Work instructions: Print every entry again exactly, with no pictures.

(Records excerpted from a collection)
Content starts

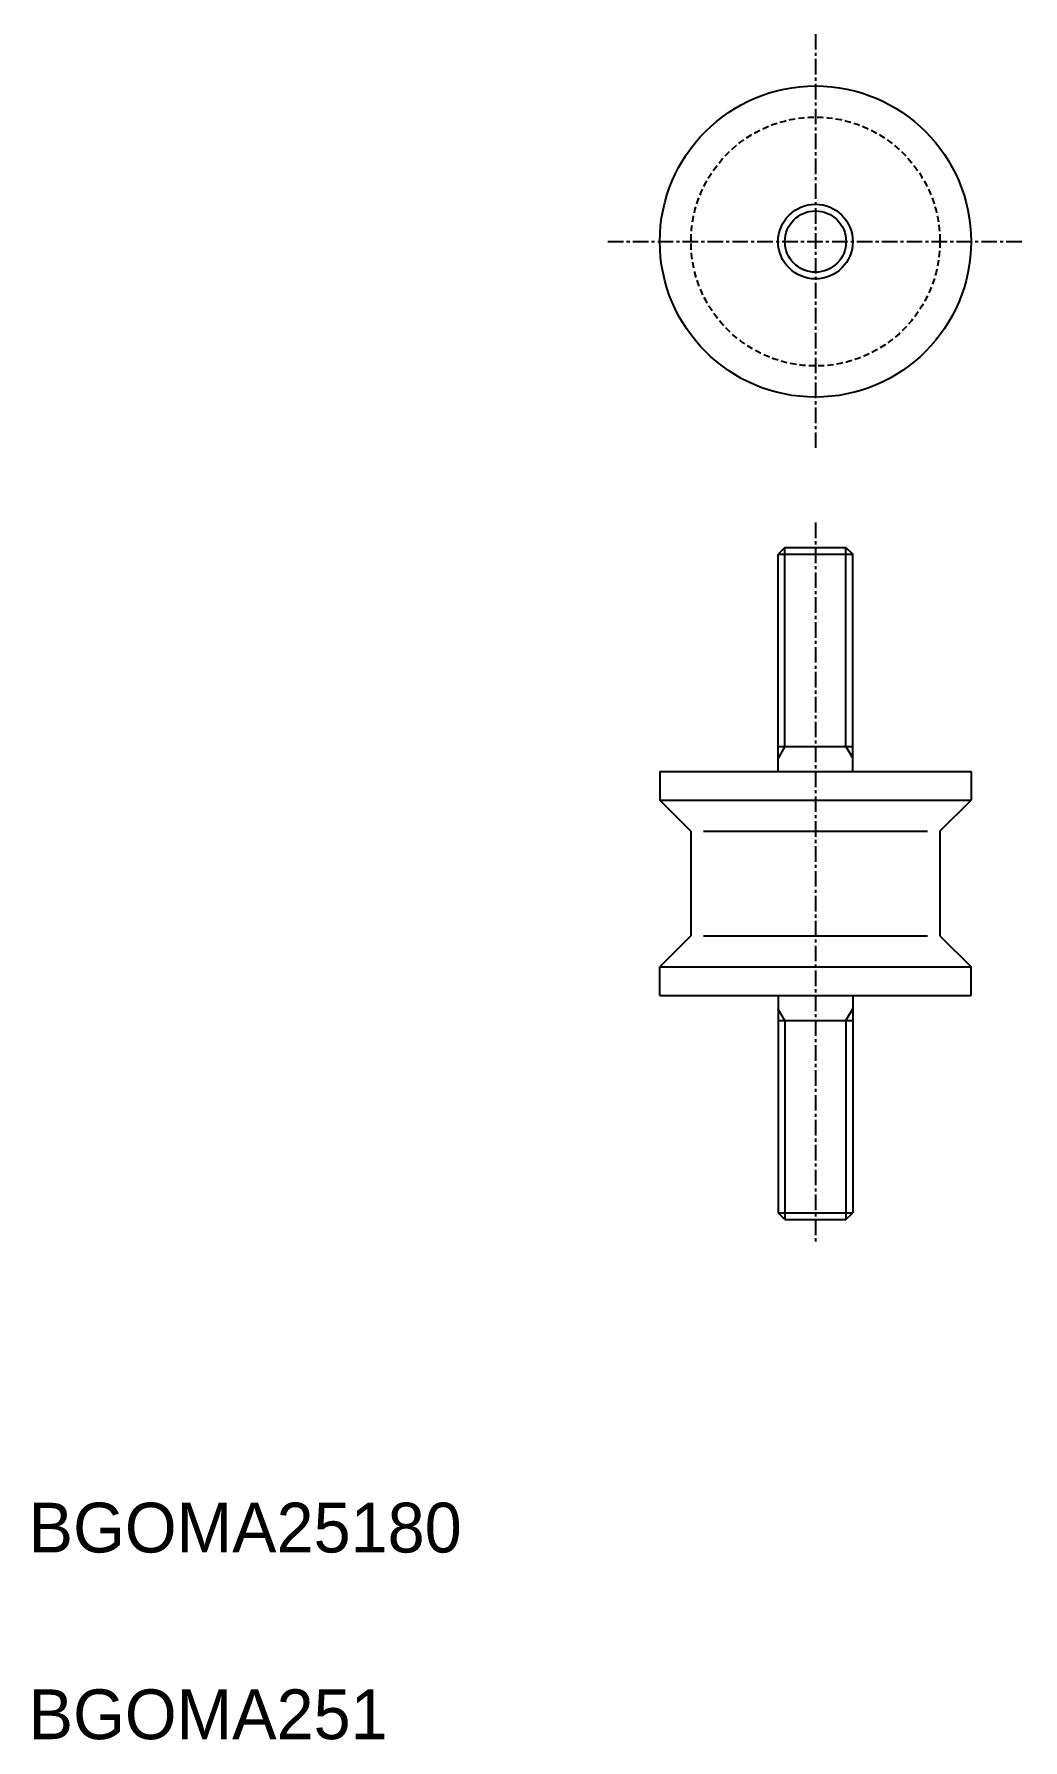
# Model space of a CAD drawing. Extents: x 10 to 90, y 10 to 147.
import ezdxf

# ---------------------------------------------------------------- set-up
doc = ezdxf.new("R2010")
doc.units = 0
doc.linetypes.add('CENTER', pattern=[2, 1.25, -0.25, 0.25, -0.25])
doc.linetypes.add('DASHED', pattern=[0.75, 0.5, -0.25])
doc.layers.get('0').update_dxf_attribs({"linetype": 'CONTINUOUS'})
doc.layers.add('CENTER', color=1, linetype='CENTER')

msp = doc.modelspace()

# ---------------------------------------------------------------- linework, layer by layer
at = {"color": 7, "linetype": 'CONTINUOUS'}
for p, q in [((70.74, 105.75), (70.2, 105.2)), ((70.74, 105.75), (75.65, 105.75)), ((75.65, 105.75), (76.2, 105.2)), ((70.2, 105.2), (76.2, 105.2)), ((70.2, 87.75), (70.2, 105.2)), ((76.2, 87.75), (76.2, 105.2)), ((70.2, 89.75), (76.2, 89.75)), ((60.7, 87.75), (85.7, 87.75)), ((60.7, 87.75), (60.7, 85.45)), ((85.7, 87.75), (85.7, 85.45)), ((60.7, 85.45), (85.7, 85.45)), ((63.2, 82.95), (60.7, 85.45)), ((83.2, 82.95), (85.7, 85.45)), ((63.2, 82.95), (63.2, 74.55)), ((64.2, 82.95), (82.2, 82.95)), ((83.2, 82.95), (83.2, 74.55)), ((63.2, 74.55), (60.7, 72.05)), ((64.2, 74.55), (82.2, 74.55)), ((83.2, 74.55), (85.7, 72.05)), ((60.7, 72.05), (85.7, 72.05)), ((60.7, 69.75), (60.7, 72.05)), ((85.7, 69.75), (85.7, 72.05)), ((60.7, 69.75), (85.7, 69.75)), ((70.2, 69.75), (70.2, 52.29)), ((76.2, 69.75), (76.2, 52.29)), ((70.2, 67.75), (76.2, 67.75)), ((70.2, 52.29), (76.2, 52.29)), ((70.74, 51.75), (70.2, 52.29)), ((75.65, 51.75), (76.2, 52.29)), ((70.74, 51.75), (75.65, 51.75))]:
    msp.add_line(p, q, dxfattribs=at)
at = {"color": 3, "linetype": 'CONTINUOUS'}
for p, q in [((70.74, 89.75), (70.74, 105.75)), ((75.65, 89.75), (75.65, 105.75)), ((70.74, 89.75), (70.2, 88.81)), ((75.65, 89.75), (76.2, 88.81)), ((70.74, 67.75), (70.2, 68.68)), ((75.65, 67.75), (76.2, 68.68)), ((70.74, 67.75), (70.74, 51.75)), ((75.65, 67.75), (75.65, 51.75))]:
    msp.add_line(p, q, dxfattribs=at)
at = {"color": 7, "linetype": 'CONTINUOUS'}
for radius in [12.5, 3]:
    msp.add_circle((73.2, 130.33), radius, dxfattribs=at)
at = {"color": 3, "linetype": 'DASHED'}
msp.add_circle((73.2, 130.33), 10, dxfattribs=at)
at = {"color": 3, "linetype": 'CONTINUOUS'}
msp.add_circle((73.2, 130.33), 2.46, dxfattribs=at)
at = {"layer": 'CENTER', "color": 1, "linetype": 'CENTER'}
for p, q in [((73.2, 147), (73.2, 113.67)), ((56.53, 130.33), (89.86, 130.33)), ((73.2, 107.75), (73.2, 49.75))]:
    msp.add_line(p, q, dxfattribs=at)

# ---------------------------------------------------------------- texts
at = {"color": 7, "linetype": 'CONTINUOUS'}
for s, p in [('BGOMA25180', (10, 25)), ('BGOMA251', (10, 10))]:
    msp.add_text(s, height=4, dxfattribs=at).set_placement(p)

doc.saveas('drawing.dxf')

Content ends

Solution to the problem:
# Model space of a CAD drawing. Extents: x 10 to 90, y 10 to 147.
import ezdxf

# ---------------------------------------------------------------- set-up
doc = ezdxf.new("R2010")
doc.units = 0
doc.linetypes.add('CENTER', pattern=[2, 1.25, -0.25, 0.25, -0.25])
doc.linetypes.add('DASHED', pattern=[0.75, 0.5, -0.25])
doc.layers.get('0').update_dxf_attribs({"linetype": 'CONTINUOUS'})
doc.layers.add('CENTER', color=1, linetype='CENTER')

msp = doc.modelspace()

# ---------------------------------------------------------------- linework, layer by layer
at = {"color": 7, "linetype": 'CONTINUOUS'}
for p, q in [((70.74, 105.75), (70.2, 105.2)), ((70.74, 105.75), (75.65, 105.75)), ((75.65, 105.75), (76.2, 105.2)), ((70.2, 105.2), (76.2, 105.2)), ((70.2, 87.75), (70.2, 105.2)), ((76.2, 87.75), (76.2, 105.2)), ((70.2, 89.75), (76.2, 89.75)), ((60.7, 87.75), (85.7, 87.75)), ((60.7, 87.75), (60.7, 85.45)), ((85.7, 87.75), (85.7, 85.45)), ((60.7, 85.45), (85.7, 85.45)), ((63.2, 82.95), (60.7, 85.45)), ((83.2, 82.95), (85.7, 85.45)), ((63.2, 82.95), (63.2, 74.55)), ((64.2, 82.95), (82.2, 82.95)), ((83.2, 82.95), (83.2, 74.55)), ((63.2, 74.55), (60.7, 72.05)), ((64.2, 74.55), (82.2, 74.55)), ((83.2, 74.55), (85.7, 72.05)), ((60.7, 72.05), (85.7, 72.05)), ((60.7, 69.75), (60.7, 72.05)), ((85.7, 69.75), (85.7, 72.05)), ((60.7, 69.75), (85.7, 69.75)), ((70.2, 69.75), (70.2, 52.29)), ((76.2, 69.75), (76.2, 52.29)), ((70.2, 67.75), (76.2, 67.75)), ((70.2, 52.29), (76.2, 52.29)), ((70.74, 51.75), (70.2, 52.29)), ((75.65, 51.75), (76.2, 52.29)), ((70.74, 51.75), (75.65, 51.75))]:
    msp.add_line(p, q, dxfattribs=at)
at = {"color": 3, "linetype": 'CONTINUOUS'}
for p, q in [((70.74, 89.75), (70.74, 105.75)), ((75.65, 89.75), (75.65, 105.75)), ((70.74, 89.75), (70.2, 88.81)), ((75.65, 89.75), (76.2, 88.81)), ((70.74, 67.75), (70.2, 68.68)), ((75.65, 67.75), (76.2, 68.68)), ((70.74, 67.75), (70.74, 51.75)), ((75.65, 67.75), (75.65, 51.75))]:
    msp.add_line(p, q, dxfattribs=at)
at = {"color": 7, "linetype": 'CONTINUOUS'}
for radius in [12.5, 3]:
    msp.add_circle((73.2, 130.33), radius, dxfattribs=at)
at = {"color": 3, "linetype": 'DASHED'}
msp.add_circle((73.2, 130.33), 10, dxfattribs=at)
at = {"color": 3, "linetype": 'CONTINUOUS'}
msp.add_circle((73.2, 130.33), 2.46, dxfattribs=at)
at = {"layer": 'CENTER', "color": 1, "linetype": 'CENTER'}
for p, q in [((73.2, 147), (73.2, 113.67)), ((56.53, 130.33), (89.86, 130.33)), ((73.2, 107.75), (73.2, 49.75))]:
    msp.add_line(p, q, dxfattribs=at)

# ---------------------------------------------------------------- texts
at = {"color": 7, "linetype": 'CONTINUOUS'}
for s, p in [('BGOMA25180', (10, 25)), ('BGOMA251', (10, 10))]:
    msp.add_text(s, height=4, dxfattribs=at).set_placement(p)

doc.saveas('drawing.dxf')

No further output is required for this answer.